No.2. (14/02/03)
Nato at war
(An inexcusable attempt to deny Turkey protection)
February 10, 2003
Nato, it was quipped, was founded to keep "the Americans in, the Russians out and the Germans down". It appears from some of the positions taken this weekend that it exists today to freeze the Americans out, keep the Turks down and leave President Saddam Hussein satisfied. The threat issued by Belgium, backed by France and Germany, to block the relocation of Nato assets in support of Turkey is extraordinary and "inexcusable", as Donald Rumsfeld, the US Defence Secretary, and Colin Powell, the Secretary of State, both contended. If confirmed this morning then it will do significant and lasting damage not only to transatlantic ties but political relations within Europe. The three governments concerned must reconsider their stance, even at the last hour.

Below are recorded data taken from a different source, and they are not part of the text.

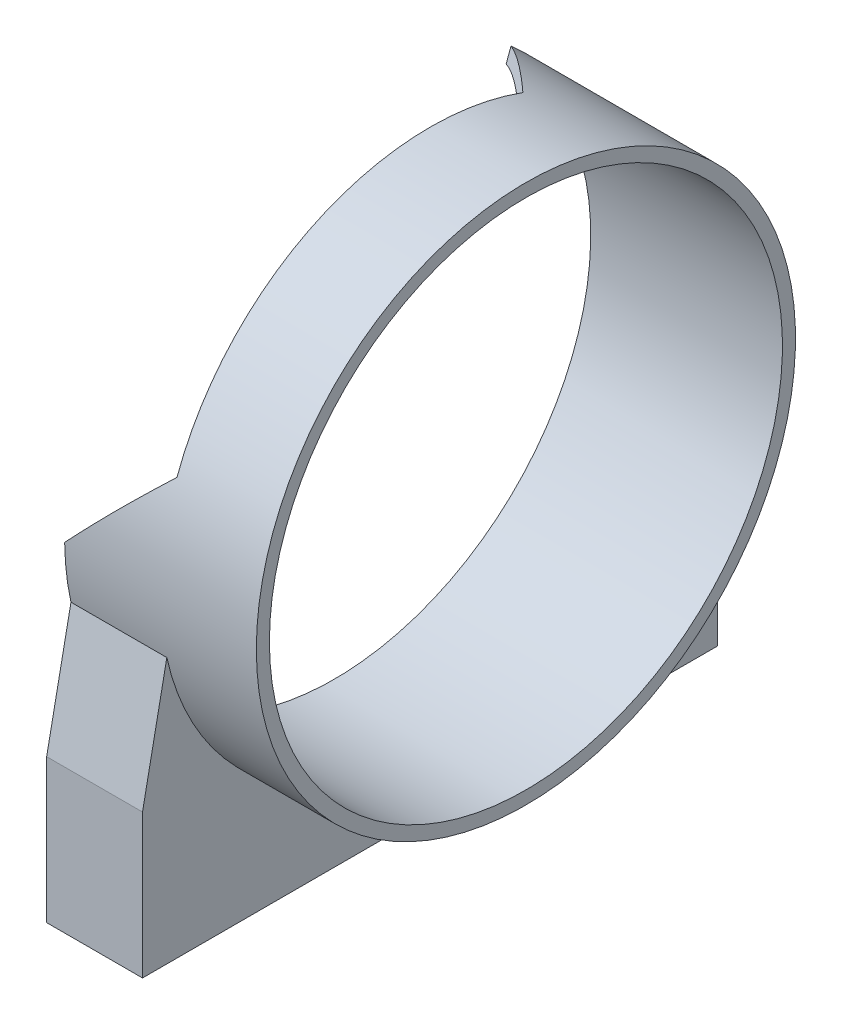
SolidWorks part; units mm, degrees
ref_plane "前视基准面" through (0, 0, 0) normal (0, 0, 1) x (1, 0, 0)
ref_plane "上视基准面" through (0, 0, 0) normal (0, 1, 0) x (1, 0, 0)
ref_plane "右视基准面" through (0, 0, 0) normal (1, 0, 0) x (0, 0, -1)
sketch "草图1" plane through (0, 0, 0) normal (1, 0, 0) x (0, 0, -1)
  line L0 (0, 0) -> (-21, 0)
  line L1 (-21, 0) -> (-21, 27)
  line L2 (0, 0) -> (0, 6)
  line L3 (-21, 0) -> (-24, 0)
  line L4 (-24, 0) -> (-24, 12)
  line L5 (-24, 12) -> (-21, 27)
  circle A0 centre (0, 27) radius 21.41
extrude "凸台-拉伸1" add sketch "草图1" against normal blind 8 contours L1 L0 L2 | L5 L4 L3 L1 region at (0, 5.9313, 13.0033) region at (0, 10.0337, 22.3236)
ref_plane "基准面1" through (0, 0, 0) normal (0, 0, -1) x (-1, 0, 0)
mirror "镜向1" about plane through (0, 0, 0) normal (0, 0, -1) of "凸台-拉伸1"
hole_wizard "大小mm 暗销孔1" positions "草图3" profile "草图4" hole size "Ø4.0" standard "GB"
sketch "草图3" plane through (0, 0, 0) normal (0, -1, 0) x (-1, 0, 0)
  line L3 (5, 0) -> (5, 21)
  line L4 (5, 0) -> (5, -21)
  line L5 (5, 0) -> (8, 0)
  line L6 (8, 24) -> (8, -24) construction
  point P8 (5, 21)
  point P18 (5, -21)
sketch "草图4" plane through (-5, 0, -21) normal (1, 0, 0) x (0, 0, -1)
  line L0 (0, 0) -> (0, 13.2017)
  line L1 (0, 13.2017) -> (2, 12)
  line L2 (2, 12) -> (2, 0)
  line L5 (2, 0) -> (0, 0)
  line L10 (0, 13.2017) -> (-2, 12) construction
  line L11 (0, -6.35) -> (0, 107.95) construction
  dimension "孔直径" = 4
  dimension "孔深度" = 12
  dimension "导头角度" = 118
sketch "草图5" plane through (-8, 0, 0) normal (-1, 0, 0) x (0, 0, 1)
  circle A0 centre (0, 27) radius 21.41
  circle A1 centre (0, 27) radius 22.5
extrude "凸台-拉伸2" add sketch "草图5" against normal blind 16
sketch "草图6" plane through (-8, 0, 0) normal (-1, 0, 0) x (0, 0, 1)
  line L0 (0, 27) -> (-12.8087, 61.9126)
  line L1 (0, 27) -> (29.3075, 37.7523)
  line L2 (29.3075, 37.7523) -> (-12.8087, 61.9126)
extrude "切除-拉伸1" cut sketch "草图6" against normal blind 8
chamfer "倒角1" distance 8 angle 45 2 edges at (-8, 34.5619, 20.6116) (-8, 47.6116, -7.5619)
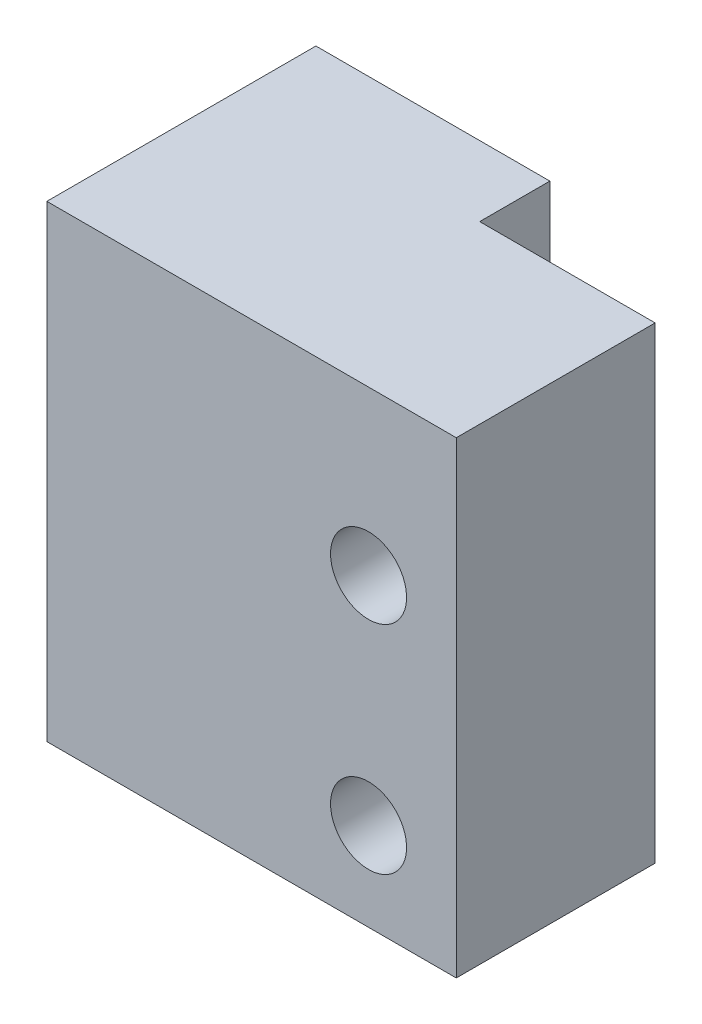
SolidWorks part; units mm, degrees
ref_plane "Front Plane" through (0, 0, 0) normal (0, 0, 1) x (1, 0, 0)
ref_plane "Top Plane" through (0, 0, 0) normal (0, 1, 0) x (1, 0, 0)
ref_plane "Right Plane" through (0, 0, 0) normal (1, 0, 0) x (0, 0, -1)
sketch "Sketch1" plane through (0, 0, 0) normal (0, 1, 0) x (1, 0, 0)
  line L5 (-10, -5.2575) -> (-10, 0.7425)
  line L6 (-10, 0.7425) -> (10, 0.7425)
  line L9 (25, -5.2575) -> (25, -22.2575)
  line L10 (0, -22.2575) -> (0, 0.7425) construction
  line L11 (-10, -5.2575) -> (-10, -22.2575)
  line L12 (10, 0.7425) -> (10, -5.2575)
  line L13 (10, -5.2575) -> (25, -5.2575)
  line L14 (-10, -22.2575) -> (25, -22.2575)
  point P2 (0, 0)
  dimension "D5" = 17
  dimension "D6" = 15
extrude "Boss-Extrude2" add sketch "Sketch1" along normal blind 40
sketch "Sketch3" plane through (0, 0, 0) normal (0, -1, 0) x (1, 0, 0)
  line L0 (0, -0.7425) -> (0, 22.2575) construction
  line L1 (10, -0.7425) -> (-10, -0.7425) construction
  circle A0 centre (0, 9.2575) radius 4
  dimension "D1" = 8
  dimension "D2" = 10
extrude "Cut-Extrude1" cut sketch "Sketch3" against normal blind 35
sketch "Sketch4" plane through (0, 0, 5.2575) normal (0, 0, -1) x (-1, 0, 0)
  line L0 (-25, 20) -> (-10, 20) construction
  line L1 (-25, 40) -> (-25, 0) construction
  line L2 (-10, 40) -> (-10, 0) construction
  line L3 (-17.5, 40) -> (-17.5, 0) construction
  line L4 (-25, 40) -> (-10, 40) construction
  line L5 (-25, 0) -> (-10, 0) construction
  circle A0 centre (-17.5, 26.0458) radius 3.25
  circle A2 centre (-17.5, 7.5353) radius 3.25
  dimension "D1" = 6.5
  dimension "D2" = 6.5
extrude "Cut-Extrude2" cut sketch "Sketch4" against normal up to next
sketch "Sketch5" plane through (0, 0, 0) normal (0, -1, 0) x (1, 0, 0)
  line L0 (0, -0.7425) -> (0, 22.2575) construction
  line L1 (10, -0.7425) -> (-10, -0.7425) construction
  line L2 (-10, 22.2575) -> (25, 22.2575) construction

The measures that have been proposed are modest. They involve the transfer of Patriot air defence missiles, Nato early-warning planes and anti-chemical and biological warfare units to Turkey. This is a matter of contingency planning in the event of any military clash in the Iraqi theatre. It does not constitute a Nato endorsement of possible US-led action. It is a recognition, which should be obvious, that war is a possibility and were it to take place then Turkey would be entitled to collective protection.
This should not be a controversial issue. It has instead been seized upon in certain quarters for purely political purposes. It has been claimed that shifting this equipment to Iraq would be to pander to American "unilateralism" and undermine diplomatic efforts to reach a peaceful settlement to this crisis. In truth, however, Brussels, Paris and Berlin are engaged in pyrrhic posturing. If Nato as a whole does not assist Turkey then its major components, notably the United States and Britain, will certainly do so. The dispute would force Washington to act, against its own wishes, in a "unilateral" fashion and undermine the shared authority of Nato.
The notion that providing Ankara with defensive material would undercut diplomatic activity is ludicrous. The only reason that Iraq ever agreed to readmit UN weapons inspectors after a four-year break and is showing the slightest interest in the demands of Hans Blix and Mohamed Elbaradei is because the US Army is breathing down Saddam's neck. Whenever Baghdad senses that a military onslaught against it is a realistic option, it at least contemplates making concessions. The perception that Nato is in disarray eases the pressure on the Iraqi leadership. This impasse will not encourage Saddam to open up his arsenal.
The same might be said about the rather ambiguous Franco-German "plan" for more "intrusive" inspections. As General Powell pointed out in his response, this initiative addresses the "wrong issue" and could only serve as a "diversion". The onus should not be on the UN to provide itself with a larger magnifying glass but on Iraq to produce an absolutely accurate account of its weapons of mass destruction and then assist in their elimination. This will not occur if Saddam believes that Resolution 1441 is far from his "final chance" to avoid war but the basis for another round of negotiations. This belated blueprint for peace will render international unity, not a military conflict, less probable.
As Mr Rumsfeld said in his interview conducted with The Times and a number of other leading European newspapers, Nato will doubtless "survive" an internal dispute over Turkey. But as he also asserted, any clash on this question would be "such a surprising and breathtaking event that I suspect it would reverberate for a while". It is not often that the feisty Defence Secretary can be accused of understatement. In this instance, presumably to induce the rebels to retreat, he has been uncharacteristically diplomatic. Nato might indeed just about "survive" this affair - but it will hardly prosper from it.